• Task: Examine each line of the data. Copy the line if it includes the word "alike".

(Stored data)
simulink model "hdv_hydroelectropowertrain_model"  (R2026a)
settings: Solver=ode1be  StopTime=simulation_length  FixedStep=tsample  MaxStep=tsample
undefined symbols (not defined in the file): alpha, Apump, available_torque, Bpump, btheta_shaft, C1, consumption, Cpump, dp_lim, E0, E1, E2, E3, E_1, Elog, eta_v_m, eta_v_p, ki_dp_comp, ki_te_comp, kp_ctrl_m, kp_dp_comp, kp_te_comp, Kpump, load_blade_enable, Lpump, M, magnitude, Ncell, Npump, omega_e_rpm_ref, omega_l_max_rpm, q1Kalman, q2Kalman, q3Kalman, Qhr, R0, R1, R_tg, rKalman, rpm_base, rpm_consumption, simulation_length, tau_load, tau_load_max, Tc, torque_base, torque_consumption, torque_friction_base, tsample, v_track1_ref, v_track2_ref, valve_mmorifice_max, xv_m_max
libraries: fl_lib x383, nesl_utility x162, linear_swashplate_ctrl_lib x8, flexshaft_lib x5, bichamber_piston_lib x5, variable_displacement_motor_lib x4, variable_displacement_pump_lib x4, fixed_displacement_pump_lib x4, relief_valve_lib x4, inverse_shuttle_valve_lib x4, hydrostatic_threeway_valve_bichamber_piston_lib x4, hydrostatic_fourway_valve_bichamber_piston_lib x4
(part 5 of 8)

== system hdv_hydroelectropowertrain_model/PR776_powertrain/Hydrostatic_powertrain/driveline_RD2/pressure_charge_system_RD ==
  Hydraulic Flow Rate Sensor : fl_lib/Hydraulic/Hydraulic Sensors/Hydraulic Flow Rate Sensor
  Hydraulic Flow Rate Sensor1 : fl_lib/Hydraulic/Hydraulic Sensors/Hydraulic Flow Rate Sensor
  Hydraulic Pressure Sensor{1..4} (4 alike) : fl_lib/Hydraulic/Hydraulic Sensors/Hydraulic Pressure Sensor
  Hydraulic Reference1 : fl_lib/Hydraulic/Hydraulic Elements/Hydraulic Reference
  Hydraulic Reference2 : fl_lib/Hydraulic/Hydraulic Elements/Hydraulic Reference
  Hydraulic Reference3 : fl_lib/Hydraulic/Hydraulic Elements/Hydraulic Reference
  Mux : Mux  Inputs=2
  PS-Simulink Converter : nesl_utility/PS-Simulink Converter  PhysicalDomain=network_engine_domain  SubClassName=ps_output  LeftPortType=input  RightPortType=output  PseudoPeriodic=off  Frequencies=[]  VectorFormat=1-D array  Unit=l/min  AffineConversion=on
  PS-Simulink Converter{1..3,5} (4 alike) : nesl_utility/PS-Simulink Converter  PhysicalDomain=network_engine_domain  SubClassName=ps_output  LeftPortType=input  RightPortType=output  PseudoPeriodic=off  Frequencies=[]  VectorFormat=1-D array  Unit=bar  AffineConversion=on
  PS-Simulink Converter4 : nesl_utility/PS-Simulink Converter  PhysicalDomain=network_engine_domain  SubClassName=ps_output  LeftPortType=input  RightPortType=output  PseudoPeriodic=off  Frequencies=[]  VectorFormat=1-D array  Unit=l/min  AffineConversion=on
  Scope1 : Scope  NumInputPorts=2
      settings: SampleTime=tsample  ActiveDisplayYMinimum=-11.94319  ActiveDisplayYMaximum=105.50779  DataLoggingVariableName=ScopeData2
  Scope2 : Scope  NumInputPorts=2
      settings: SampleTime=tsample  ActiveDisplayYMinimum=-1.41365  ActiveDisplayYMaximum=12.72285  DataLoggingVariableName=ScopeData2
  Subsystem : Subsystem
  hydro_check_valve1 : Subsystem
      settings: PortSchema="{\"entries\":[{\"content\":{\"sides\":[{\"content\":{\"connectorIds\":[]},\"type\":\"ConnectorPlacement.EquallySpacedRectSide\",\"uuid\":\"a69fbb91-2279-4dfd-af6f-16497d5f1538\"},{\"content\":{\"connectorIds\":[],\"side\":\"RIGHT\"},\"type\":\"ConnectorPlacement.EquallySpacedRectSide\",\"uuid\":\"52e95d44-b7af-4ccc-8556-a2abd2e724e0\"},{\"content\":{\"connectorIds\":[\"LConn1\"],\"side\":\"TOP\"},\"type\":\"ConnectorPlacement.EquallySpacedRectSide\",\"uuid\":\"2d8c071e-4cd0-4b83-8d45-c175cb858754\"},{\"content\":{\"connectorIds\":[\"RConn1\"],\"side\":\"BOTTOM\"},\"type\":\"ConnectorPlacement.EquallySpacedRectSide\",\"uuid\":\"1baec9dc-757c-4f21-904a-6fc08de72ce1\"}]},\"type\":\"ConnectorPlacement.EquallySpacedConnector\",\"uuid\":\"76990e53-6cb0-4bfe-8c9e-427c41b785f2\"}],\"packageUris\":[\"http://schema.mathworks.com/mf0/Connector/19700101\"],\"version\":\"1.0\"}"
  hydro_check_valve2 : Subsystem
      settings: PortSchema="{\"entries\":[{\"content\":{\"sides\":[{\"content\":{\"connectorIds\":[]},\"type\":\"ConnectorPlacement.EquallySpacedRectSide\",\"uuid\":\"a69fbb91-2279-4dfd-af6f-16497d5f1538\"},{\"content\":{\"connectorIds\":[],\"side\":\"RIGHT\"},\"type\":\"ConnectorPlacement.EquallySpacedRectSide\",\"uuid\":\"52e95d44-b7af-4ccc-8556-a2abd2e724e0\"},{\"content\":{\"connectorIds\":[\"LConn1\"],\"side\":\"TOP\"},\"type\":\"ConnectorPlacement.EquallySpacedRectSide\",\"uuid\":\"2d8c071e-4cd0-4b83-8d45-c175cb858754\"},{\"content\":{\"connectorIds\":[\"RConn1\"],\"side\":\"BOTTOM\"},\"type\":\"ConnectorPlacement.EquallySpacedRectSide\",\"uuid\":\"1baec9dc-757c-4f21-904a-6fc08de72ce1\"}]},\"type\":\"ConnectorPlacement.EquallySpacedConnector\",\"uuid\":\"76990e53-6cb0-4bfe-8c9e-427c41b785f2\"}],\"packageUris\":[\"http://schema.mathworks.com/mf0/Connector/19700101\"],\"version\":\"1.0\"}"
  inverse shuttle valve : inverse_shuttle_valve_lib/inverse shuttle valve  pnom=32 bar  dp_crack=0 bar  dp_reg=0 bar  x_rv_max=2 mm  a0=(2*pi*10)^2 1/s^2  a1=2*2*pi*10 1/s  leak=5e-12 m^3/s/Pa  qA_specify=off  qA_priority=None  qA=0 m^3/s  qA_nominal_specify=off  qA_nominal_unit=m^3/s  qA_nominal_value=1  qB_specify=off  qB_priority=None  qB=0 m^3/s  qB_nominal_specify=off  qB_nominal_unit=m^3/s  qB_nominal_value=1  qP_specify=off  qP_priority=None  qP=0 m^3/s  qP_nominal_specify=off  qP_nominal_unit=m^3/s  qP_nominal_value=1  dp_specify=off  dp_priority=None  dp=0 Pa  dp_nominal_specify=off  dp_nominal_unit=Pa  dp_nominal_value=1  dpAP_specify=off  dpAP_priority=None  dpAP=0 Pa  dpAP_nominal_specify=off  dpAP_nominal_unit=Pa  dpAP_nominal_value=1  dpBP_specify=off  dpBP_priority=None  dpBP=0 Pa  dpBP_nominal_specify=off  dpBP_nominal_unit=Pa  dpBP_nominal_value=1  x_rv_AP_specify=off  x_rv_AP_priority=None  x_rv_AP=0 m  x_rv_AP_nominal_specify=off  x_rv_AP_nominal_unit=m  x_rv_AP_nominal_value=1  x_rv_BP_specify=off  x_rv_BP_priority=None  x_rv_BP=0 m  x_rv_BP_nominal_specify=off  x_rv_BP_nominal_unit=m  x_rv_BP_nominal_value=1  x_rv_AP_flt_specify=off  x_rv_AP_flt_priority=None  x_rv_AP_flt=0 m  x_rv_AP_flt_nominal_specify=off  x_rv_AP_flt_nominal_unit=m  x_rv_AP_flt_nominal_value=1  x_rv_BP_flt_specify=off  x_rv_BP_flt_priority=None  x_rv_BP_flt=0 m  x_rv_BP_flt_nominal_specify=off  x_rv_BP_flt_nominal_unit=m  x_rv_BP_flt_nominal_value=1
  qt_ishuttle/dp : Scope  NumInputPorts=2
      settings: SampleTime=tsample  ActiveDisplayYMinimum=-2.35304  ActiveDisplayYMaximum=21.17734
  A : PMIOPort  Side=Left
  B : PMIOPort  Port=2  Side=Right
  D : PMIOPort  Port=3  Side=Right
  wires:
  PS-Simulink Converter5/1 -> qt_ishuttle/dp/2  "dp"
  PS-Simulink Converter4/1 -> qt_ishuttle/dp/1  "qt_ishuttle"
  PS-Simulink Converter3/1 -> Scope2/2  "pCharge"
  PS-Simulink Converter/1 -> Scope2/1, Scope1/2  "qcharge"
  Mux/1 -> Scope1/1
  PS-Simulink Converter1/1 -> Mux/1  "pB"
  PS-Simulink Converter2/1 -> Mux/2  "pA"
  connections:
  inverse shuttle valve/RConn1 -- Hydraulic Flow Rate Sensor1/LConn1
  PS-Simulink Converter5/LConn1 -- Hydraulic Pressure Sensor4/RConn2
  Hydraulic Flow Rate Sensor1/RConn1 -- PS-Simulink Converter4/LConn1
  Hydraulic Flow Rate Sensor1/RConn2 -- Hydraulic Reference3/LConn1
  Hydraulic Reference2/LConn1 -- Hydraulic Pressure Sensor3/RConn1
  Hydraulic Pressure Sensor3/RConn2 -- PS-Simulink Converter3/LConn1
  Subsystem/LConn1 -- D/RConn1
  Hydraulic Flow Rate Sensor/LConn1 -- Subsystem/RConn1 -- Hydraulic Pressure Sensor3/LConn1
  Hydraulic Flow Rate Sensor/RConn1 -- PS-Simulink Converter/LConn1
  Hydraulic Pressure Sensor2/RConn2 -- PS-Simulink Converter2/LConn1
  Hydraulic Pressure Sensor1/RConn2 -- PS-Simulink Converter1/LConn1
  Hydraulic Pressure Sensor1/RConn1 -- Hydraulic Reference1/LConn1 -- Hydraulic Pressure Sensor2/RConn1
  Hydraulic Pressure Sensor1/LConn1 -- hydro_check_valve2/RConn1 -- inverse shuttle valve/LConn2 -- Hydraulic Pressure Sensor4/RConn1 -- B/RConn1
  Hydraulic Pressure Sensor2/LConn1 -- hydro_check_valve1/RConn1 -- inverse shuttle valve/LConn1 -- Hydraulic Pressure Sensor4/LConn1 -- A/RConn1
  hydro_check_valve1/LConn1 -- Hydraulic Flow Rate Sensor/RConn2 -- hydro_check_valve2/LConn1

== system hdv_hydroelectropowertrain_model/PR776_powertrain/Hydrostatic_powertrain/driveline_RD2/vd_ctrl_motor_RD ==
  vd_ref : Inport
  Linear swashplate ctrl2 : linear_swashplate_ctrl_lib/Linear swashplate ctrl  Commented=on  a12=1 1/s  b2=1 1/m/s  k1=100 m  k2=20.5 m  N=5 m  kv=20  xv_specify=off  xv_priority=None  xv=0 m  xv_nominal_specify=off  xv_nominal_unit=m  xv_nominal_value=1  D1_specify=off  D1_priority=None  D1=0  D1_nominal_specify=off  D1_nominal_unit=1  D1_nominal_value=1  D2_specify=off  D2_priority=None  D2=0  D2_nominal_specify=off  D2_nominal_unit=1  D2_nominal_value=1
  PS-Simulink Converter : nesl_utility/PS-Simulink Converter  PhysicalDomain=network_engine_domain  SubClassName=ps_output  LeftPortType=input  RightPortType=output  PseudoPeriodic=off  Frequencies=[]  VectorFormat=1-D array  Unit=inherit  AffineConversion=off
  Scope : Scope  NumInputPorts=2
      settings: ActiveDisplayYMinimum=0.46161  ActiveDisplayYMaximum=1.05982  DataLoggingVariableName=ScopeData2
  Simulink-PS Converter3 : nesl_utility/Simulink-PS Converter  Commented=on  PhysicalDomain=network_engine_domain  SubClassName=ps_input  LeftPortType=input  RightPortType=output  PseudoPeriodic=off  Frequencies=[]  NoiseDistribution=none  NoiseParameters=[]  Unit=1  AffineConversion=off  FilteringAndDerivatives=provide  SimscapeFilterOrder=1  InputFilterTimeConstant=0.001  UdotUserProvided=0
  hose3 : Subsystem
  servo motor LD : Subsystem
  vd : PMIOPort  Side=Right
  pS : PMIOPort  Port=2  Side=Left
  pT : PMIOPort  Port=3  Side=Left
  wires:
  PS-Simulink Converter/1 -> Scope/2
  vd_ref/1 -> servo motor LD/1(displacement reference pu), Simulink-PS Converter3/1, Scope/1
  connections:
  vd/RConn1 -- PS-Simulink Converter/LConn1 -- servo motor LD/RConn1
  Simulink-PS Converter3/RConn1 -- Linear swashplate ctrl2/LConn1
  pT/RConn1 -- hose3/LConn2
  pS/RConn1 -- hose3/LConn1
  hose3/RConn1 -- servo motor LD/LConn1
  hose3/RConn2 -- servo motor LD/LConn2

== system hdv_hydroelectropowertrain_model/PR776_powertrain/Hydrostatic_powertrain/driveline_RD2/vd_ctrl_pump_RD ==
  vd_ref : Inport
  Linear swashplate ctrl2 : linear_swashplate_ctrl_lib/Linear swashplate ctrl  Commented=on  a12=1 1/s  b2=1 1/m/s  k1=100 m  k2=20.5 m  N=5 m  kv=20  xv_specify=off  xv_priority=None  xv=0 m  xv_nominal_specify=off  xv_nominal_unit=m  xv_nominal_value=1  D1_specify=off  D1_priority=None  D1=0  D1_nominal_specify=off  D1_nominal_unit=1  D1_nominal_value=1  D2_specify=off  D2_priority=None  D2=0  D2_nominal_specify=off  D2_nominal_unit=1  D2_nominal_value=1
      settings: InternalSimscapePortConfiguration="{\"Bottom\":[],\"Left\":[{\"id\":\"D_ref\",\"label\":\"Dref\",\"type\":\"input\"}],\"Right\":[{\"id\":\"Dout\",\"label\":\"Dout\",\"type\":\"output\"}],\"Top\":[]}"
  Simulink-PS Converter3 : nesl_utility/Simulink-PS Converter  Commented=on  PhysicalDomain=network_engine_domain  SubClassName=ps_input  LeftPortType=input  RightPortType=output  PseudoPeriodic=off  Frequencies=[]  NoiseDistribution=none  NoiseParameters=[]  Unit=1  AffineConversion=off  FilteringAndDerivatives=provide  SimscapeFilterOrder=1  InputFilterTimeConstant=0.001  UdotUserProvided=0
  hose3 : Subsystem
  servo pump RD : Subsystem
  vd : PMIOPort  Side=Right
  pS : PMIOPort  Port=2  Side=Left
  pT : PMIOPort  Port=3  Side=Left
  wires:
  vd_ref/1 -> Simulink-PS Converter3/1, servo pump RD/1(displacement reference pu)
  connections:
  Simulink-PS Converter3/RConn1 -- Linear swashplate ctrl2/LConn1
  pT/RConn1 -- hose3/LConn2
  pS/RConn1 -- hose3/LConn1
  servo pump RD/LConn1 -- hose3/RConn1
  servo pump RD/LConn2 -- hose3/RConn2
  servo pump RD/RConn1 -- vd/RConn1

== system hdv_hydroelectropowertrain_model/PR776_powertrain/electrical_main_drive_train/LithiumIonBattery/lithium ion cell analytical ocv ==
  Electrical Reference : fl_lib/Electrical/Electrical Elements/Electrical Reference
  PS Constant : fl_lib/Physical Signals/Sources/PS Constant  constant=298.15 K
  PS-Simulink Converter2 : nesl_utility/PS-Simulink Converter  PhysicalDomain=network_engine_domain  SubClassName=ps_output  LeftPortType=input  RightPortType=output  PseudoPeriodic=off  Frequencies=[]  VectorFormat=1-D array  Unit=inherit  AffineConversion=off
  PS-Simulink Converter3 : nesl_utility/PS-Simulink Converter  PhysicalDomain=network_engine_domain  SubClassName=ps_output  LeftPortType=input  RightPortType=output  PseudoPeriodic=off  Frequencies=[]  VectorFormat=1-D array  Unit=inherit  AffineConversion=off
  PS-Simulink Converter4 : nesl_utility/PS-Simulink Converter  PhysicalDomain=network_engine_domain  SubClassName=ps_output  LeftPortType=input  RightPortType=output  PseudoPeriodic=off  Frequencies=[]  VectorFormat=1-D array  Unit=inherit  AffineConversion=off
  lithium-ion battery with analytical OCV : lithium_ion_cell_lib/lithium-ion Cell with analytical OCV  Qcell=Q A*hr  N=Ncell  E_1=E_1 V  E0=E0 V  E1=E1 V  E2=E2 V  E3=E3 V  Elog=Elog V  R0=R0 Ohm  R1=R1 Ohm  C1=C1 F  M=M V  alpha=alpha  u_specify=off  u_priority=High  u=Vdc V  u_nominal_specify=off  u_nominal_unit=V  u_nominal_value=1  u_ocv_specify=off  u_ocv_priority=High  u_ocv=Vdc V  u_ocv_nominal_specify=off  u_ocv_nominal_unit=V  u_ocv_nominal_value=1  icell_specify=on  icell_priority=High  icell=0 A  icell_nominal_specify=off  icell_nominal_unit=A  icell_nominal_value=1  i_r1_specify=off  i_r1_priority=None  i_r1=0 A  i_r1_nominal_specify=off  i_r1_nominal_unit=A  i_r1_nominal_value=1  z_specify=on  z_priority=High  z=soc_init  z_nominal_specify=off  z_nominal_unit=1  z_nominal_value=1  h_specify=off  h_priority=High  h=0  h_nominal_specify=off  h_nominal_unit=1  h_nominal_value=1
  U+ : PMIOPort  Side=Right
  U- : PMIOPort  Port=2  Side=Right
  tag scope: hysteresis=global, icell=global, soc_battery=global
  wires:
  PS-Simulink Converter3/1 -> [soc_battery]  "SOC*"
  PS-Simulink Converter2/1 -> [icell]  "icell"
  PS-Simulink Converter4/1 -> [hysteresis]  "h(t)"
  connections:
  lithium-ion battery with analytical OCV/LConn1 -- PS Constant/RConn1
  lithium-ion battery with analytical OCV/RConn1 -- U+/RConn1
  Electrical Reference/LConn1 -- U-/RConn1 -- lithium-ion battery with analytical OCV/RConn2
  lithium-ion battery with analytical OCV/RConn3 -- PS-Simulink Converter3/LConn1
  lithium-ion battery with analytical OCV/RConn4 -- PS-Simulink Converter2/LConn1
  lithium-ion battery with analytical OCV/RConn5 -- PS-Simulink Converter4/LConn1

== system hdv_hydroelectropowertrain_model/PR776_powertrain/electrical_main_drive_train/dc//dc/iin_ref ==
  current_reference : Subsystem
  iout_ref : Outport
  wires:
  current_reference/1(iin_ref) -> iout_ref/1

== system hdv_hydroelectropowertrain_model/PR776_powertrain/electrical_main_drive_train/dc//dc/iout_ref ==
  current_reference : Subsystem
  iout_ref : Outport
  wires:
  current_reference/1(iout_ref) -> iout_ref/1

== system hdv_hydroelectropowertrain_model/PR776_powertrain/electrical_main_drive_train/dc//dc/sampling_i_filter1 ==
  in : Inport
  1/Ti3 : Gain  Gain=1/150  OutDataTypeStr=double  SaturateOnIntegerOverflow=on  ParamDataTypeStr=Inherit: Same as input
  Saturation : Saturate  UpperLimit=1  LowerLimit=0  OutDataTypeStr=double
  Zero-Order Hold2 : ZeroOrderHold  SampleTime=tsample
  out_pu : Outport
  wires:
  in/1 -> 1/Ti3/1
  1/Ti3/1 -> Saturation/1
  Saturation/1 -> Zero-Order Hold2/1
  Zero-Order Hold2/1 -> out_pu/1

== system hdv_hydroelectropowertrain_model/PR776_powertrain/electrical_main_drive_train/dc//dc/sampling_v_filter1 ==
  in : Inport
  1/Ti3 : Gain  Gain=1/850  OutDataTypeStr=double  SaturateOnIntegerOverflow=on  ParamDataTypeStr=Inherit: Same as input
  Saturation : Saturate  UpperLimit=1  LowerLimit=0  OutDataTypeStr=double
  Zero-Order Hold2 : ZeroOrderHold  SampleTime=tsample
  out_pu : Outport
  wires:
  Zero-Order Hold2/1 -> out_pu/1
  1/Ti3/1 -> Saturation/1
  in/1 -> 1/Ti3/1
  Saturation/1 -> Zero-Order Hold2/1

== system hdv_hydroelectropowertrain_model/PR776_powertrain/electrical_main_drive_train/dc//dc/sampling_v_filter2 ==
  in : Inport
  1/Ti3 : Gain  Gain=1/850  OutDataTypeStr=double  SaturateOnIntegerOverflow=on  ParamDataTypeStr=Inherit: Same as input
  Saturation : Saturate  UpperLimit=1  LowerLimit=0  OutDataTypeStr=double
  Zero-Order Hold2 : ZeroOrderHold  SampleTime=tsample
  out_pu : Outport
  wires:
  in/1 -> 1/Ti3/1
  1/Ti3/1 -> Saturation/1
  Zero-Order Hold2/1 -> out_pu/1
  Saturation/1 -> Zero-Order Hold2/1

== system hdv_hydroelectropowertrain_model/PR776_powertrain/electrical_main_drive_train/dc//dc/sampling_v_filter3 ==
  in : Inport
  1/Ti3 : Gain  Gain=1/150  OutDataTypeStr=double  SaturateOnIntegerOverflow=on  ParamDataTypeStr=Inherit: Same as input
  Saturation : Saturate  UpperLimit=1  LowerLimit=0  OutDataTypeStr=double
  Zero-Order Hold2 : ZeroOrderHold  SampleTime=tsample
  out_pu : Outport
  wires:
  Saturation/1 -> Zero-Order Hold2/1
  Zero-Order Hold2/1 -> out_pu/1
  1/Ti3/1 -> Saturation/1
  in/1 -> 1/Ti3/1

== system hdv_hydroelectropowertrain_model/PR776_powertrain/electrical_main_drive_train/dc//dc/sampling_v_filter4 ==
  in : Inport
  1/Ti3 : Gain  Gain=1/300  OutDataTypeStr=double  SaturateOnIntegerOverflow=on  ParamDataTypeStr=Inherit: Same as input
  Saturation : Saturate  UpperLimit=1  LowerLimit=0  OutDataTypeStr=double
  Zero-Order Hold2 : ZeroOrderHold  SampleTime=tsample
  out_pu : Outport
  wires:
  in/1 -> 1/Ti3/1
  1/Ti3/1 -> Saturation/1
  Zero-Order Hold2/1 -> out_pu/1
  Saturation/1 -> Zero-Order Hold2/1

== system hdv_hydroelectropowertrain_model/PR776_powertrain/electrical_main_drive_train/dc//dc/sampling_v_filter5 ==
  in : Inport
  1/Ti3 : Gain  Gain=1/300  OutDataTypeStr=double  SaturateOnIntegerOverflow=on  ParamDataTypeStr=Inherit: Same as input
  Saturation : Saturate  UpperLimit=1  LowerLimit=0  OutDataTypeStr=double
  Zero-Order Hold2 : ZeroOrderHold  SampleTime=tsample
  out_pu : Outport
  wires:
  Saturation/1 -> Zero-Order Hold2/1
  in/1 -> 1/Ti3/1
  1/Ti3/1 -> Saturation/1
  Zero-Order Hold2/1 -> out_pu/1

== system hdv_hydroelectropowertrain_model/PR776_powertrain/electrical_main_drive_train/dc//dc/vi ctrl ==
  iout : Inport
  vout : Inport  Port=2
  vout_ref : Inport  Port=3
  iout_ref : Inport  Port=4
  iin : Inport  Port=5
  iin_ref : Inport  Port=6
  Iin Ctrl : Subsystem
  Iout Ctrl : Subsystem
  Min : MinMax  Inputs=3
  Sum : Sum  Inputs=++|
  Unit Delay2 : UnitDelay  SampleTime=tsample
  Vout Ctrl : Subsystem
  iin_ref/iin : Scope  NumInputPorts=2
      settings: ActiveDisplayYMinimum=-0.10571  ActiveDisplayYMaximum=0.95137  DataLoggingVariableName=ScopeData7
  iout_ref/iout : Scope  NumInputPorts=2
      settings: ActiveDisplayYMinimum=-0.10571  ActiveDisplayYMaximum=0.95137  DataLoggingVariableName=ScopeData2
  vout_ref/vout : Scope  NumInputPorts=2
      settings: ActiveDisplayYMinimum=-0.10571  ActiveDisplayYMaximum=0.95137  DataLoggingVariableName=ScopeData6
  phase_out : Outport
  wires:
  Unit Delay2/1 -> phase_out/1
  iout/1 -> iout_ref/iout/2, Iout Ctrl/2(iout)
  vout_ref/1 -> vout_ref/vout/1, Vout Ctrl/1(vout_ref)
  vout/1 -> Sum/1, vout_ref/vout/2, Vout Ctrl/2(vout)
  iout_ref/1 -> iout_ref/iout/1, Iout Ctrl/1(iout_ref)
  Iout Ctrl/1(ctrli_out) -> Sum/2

• Answer below:
  Hydraulic Pressure Sensor{1..4} (4 alike) : fl_lib/Hydraulic/Hydraulic Sensors/Hydraulic Pressure Sensor
  PS-Simulink Converter{1..3,5} (4 alike) : nesl_utility/PS-Simulink Converter  PhysicalDomain=network_engine_domain  SubClassName=ps_output  LeftPortType=input  RightPortType=output  PseudoPeriodic=off  Frequencies=[]  VectorFormat=1-D array  Unit=bar  AffineConversion=on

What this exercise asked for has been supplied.